* _Goal of the exercise_: Scan the records that follow, and whenever a line has the word "units", copy it.

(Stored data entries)
● ● ● ● ● ● ●
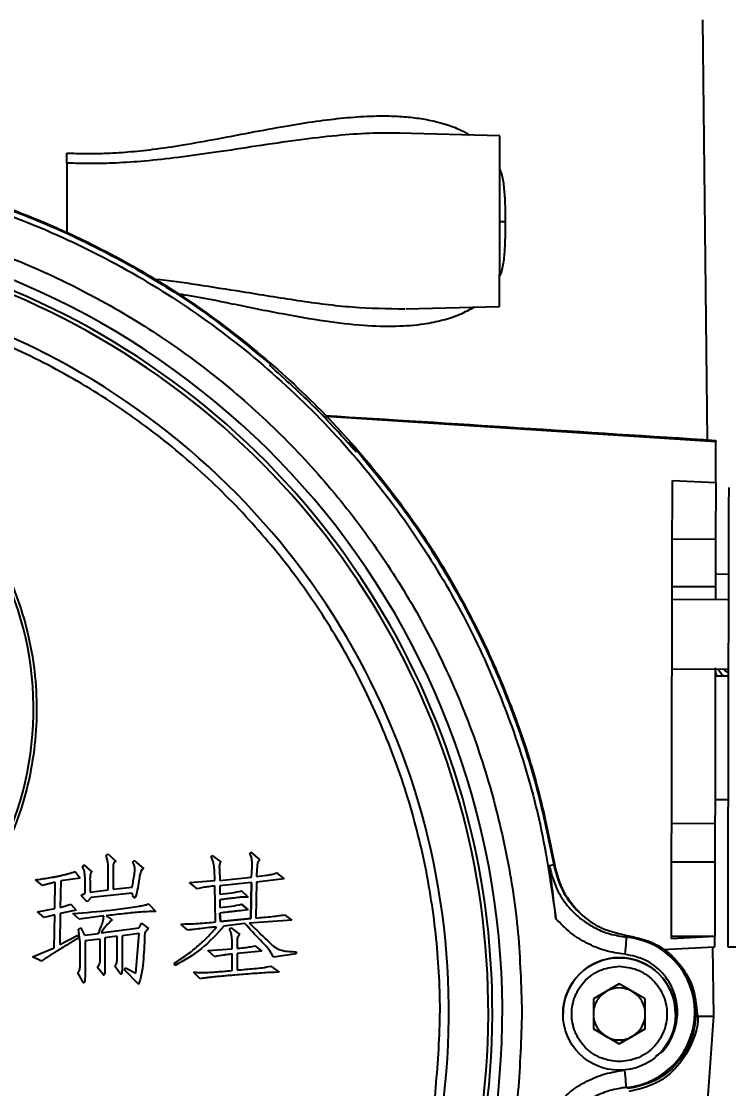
# Model space of a CAD drawing. Header units: millimetres. Extents: x 2160 to 4596, y 811 to 2534.
# Drawn here: x 2910.2 to 2991.8, y 2230 to 2353.3 of the extents above; entities that cross this region are included whole.
import ezdxf

# ---------------------------------------------------------------- set-up
doc = ezdxf.new("R2010")
doc.units = ezdxf.units.MM
doc.layers.add('AM_5', color=3, linetype='Continuous', lineweight=25)
doc.styles.add('SLDTEXTSTYLE1', font='txt.shx', dxfattribs={"width": 0.7, "bigfont": 'gbcbig.shx'})
doc.dimstyles.new('SLDDIMSTYLE12$0', dxfattribs={"dimtxt": 12, "dimasz": 10, "dimexe": 0, "dimexo": 0.0625, "dimgap": 0.875, "dimtad": 1, "dimdec": 1, "dimlfac": 1.8, "dimrnd": 1e-09, "dimzin": 12, "dimdsep": 46, "dimtxsty": 'SLDTEXTSTYLE1', "dimcen": 0.09, "dimdle": 8.16, "dimclrd": 3, "dimclre": 3, "dimadec": 0, "dimazin": 3, "dimtfac": 1, "dimtdec": 1, "dimtofl": 0, "dimtmove": 0, "dimatfit": 3, "dimfxl": 0, "dimfrac": 2, "dimtolj": 1, "dimlwd": 5, "dimlwe": 5, "dimarcsym": 0})

# ---------------------------------------------------------------- blocks, each defined once
blk = doc.blocks.new('*D65')
at = {"layer": 'AM_5', "color": 3, "lineweight": 5, "transparency": 16777216}
blk.add_line((2930.49, 2437.19), (3110.32, 2437.19), dxfattribs=at)
at = {"layer": 'AM_5', "color": 3, "linetype": 'Continuous', "lineweight": 5, "transparency": 16777216}
for p, q in [((3110.32, 2427.19), (3110.32, 2148.45)), ((2977.49, 2138.45), (3110.32, 2138.45))]:
    blk.add_line(p, q, dxfattribs=at)
at = {"layer": 'AM_5', "color": 3, "transparency": 16777216}
for points in [[(3108.65, 2427.19), (3111.98, 2427.19), (3110.32, 2437.19)], [(3108.65, 2148.45), (3111.98, 2148.45), (3110.32, 2138.45)]]:
    blk.add_solid(points, dxfattribs=at)
at = {"layer": 'Defpoints', "color": 0, "transparency": 16777216}
for p in [(2930.42, 2437.19), (2977.42, 2138.45), (3110.32, 2138.45)]:
    blk.add_point(p, dxfattribs=at)
at = {"layer": 'AM_5', "color": 0, "transparency": 16777216, "insert": (3103.44, 2287.82), "char_height": 12, "attachment_point": 5, "rotation": 90, "style": 'SLDTEXTSTYLE1'}
blk.add_mtext('\\A1;300', dxfattribs=at)

msp = doc.modelspace()

# ---------------------------------------------------------------- linework, layer by layer
at = {"color": 7, "linetype": 'Continuous', "lineweight": 25}
for p, q in [((2989.382, 2304.908), (2988.851, 2353.426)), ((2965.422, 2340.026), (2953.761, 2340.356)), ((2954.537, 2320.065), (2965.38, 2320.326)), ((2938.849, 2313.513), (2938.96, 2313.625)), ((2990.347, 2304.734), (2945.298, 2307.632)), ((2948.018, 2304.749), (2948.948, 2303.622)), ((2948.955, 2303.629), (2948.844, 2303.518)), ((2985.337, 2300.259), (2990.337, 2300.033)), ((2990.337, 2300.033), (2990.323, 2293.457)), ((2990.323, 2293.457), (2985.323, 2293.468)), ((2991.814, 2289.419), (2990.314, 2289.422)), ((2990.311, 2287.963), (2985.311, 2287.974)), ((2990.311, 2287.963), (2990.308, 2286.486)), ((2991.808, 2286.483), (2985.208, 2286.497)), ((2985.191, 2278.497), (2991.791, 2278.483)), ((2991.789, 2277.659), (2990.289, 2277.662)), ((2990.259, 2263.422), (2991.759, 2263.419)), ((2985.253, 2260.687), (2990.253, 2260.677)), ((2919.941, 2256.958), (2920.132, 2257.15)), ((2919.941, 2256.958), (2920.132, 2257.15)), ((2920.132, 2257.15), (2921.089, 2256.256)), ((2920.132, 2257.15), (2920.132, 2257.15)), ((2920.132, 2257.15), (2921.089, 2256.256)), ((2936.535, 2257.214), (2936.663, 2257.341)), ((2936.535, 2257.214), (2936.663, 2257.341)), ((2936.535, 2257.214), (2936.535, 2257.214)), ((2936.663, 2257.341), (2937.684, 2256.448)), ((2936.663, 2257.341), (2936.663, 2257.341)), ((2936.663, 2257.341), (2937.684, 2256.448)), ((2919.941, 2256.958), (2919.941, 2256.958)), ((2921.089, 2256.256), (2921.089, 2256.256)), ((2923.004, 2256.193), (2923.196, 2256.384)), ((2923.004, 2256.193), (2923.196, 2256.384)), ((2923.004, 2256.193), (2923.004, 2256.193)), ((2923.196, 2256.384), (2924.281, 2255.427)), ((2923.196, 2256.384), (2923.196, 2256.384)), ((2923.196, 2256.384), (2924.281, 2255.427)), ((2932.067, 2256.831), (2932.195, 2256.958)), ((2932.067, 2256.831), (2932.195, 2256.958)), ((2932.067, 2256.831), (2932.067, 2256.831)), ((2932.195, 2256.958), (2933.216, 2256.193)), ((2932.195, 2256.958), (2932.195, 2256.958)), ((2932.195, 2256.958), (2933.216, 2256.193)), ((2933.216, 2256.193), (2933.216, 2256.193)), ((2937.684, 2256.448), (2937.684, 2256.448)), ((2990.243, 2256.201), (2985.243, 2256.212)), ((2990.243, 2256.201), (2990.225, 2247.6)), ((2916.366, 2255.108), (2916.941, 2254.342)), ((2916.366, 2255.108), (2916.366, 2255.108)), ((2916.366, 2255.108), (2916.941, 2254.342)), ((2917.196, 2255.682), (2917.388, 2255.873)), ((2917.196, 2255.682), (2917.388, 2255.873)), ((2917.196, 2255.682), (2917.196, 2255.682)), ((2917.388, 2255.873), (2918.345, 2255.044)), ((2917.388, 2255.873), (2917.388, 2255.873)), ((2917.388, 2255.873), (2918.345, 2255.044)), ((2918.345, 2255.044), (2918.345, 2255.044)), ((2920.196, 2253.001), (2920.196, 2255.299)), ((2920.77, 2255.235), (2920.77, 2253.065)), ((2924.281, 2255.427), (2924.281, 2255.427)), ((2932.514, 2254.086), (2932.45, 2255.299)), ((2933.025, 2255.363), (2933.088, 2254.086)), ((2933.025, 2255.363), (2933.025, 2255.363)), ((2933.025, 2255.363), (2933.088, 2254.086)), ((2936.726, 2254.469), (2936.79, 2255.618)), ((2936.726, 2254.469), (2936.79, 2255.618)), ((2936.79, 2255.618), (2936.79, 2255.618)), ((2937.365, 2255.427), (2937.301, 2254.533)), ((2939.599, 2254.98), (2940.492, 2254.278)), ((2939.599, 2254.98), (2939.599, 2254.98)), ((2939.599, 2254.98), (2940.492, 2254.278)), ((2971.626, 2255.903), (2971.109, 2255.784)), ((2971.75, 2255.79), (2971.75, 2255.791)), ((2912.601, 2253.512), (2911.771, 2254.15)), ((2911.771, 2254.15), (2911.771, 2254.15)), ((2914.069, 2253.895), (2912.601, 2253.512)), ((2914.005, 2250.831), (2914.069, 2253.895)), ((2914.005, 2250.831), (2914.069, 2253.895)), ((2914.707, 2254.023), (2914.643, 2250.959)), ((2916.941, 2254.342), (2914.707, 2254.023)), ((2916.941, 2254.342), (2916.941, 2254.342)), ((2917.515, 2252.618), (2917.515, 2254.214)), ((2918.09, 2253.895), (2918.09, 2252.746)), ((2929.578, 2253.831), (2932.514, 2254.086)), ((2930.472, 2253.129), (2929.578, 2253.831)), ((2929.578, 2253.831), (2929.578, 2253.831)), ((2933.088, 2254.086), (2936.726, 2254.469)), ((2933.088, 2254.086), (2936.726, 2254.469)), ((2933.088, 2254.086), (2933.088, 2254.086)), ((2936.726, 2253.831), (2933.088, 2253.448)), ((2936.663, 2249.682), (2936.726, 2253.831)), ((2936.726, 2253.831), (2936.663, 2249.682)), ((2936.726, 2254.469), (2936.726, 2254.469)), ((2937.301, 2253.895), (2937.237, 2249.746)), ((2940.492, 2254.278), (2937.301, 2253.895)), ((2940.492, 2254.278), (2940.492, 2254.278)), ((2917.068, 2252.363), (2917.515, 2252.618)), ((2917.068, 2252.363), (2917.515, 2252.618)), ((2917.77, 2251.597), (2917.068, 2252.363)), ((2917.068, 2252.363), (2917.068, 2252.363)), ((2917.515, 2252.618), (2917.515, 2252.618)), ((2918.09, 2252.746), (2920.196, 2253.001)), ((2918.09, 2252.746), (2920.196, 2253.001)), ((2918.09, 2252.746), (2918.09, 2252.746)), ((2922.94, 2252.618), (2918.217, 2252.108)), ((2920.196, 2253.001), (2920.196, 2253.001)), ((2920.77, 2253.065), (2922.94, 2253.32)), ((2920.77, 2253.065), (2922.94, 2253.32)), ((2920.77, 2253.065), (2920.77, 2253.065)), ((2922.94, 2253.32), (2922.94, 2253.32)), ((2932.578, 2249.299), (2932.514, 2253.448)), ((2933.088, 2253.448), (2933.088, 2252.491)), ((2935.578, 2252.874), (2936.344, 2252.172)), ((2935.578, 2252.874), (2935.578, 2252.874)), ((2936.344, 2252.172), (2935.578, 2252.874)), ((2914.643, 2250.959), (2915.856, 2251.342)), ((2915.856, 2251.342), (2916.494, 2250.64)), ((2915.856, 2251.342), (2915.856, 2251.342)), ((2915.856, 2251.342), (2916.494, 2250.64)), ((2918.217, 2252.108), (2917.77, 2251.597)), ((2924.791, 2251.406), (2925.685, 2250.512)), ((2924.791, 2251.406), (2924.791, 2251.406)), ((2924.791, 2251.406), (2925.685, 2250.512)), ((2933.088, 2251.852), (2933.088, 2250.959)), ((2935.578, 2251.342), (2936.344, 2250.704)), ((2935.578, 2251.342), (2935.578, 2251.342)), ((2936.344, 2250.704), (2935.578, 2251.342)), ((2936.344, 2252.172), (2936.344, 2252.172)), ((2912.026, 2250.448), (2914.005, 2250.831)), ((2912.792, 2249.81), (2912.026, 2250.448)), ((2912.026, 2250.448), (2912.026, 2250.448)), ((2914.005, 2250.129), (2912.792, 2249.81)), ((2913.941, 2246.3), (2914.005, 2250.129)), ((2913.941, 2246.3), (2914.005, 2250.129)), ((2914.005, 2250.831), (2914.005, 2250.831)), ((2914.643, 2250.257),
● ● ● ● ● ● ●
* _Your response_:
# Model space of a CAD drawing. Header units: millimetres. Extents: x 2160 to 4596, y 811 to 2534.
doc.units = ezdxf.units.MM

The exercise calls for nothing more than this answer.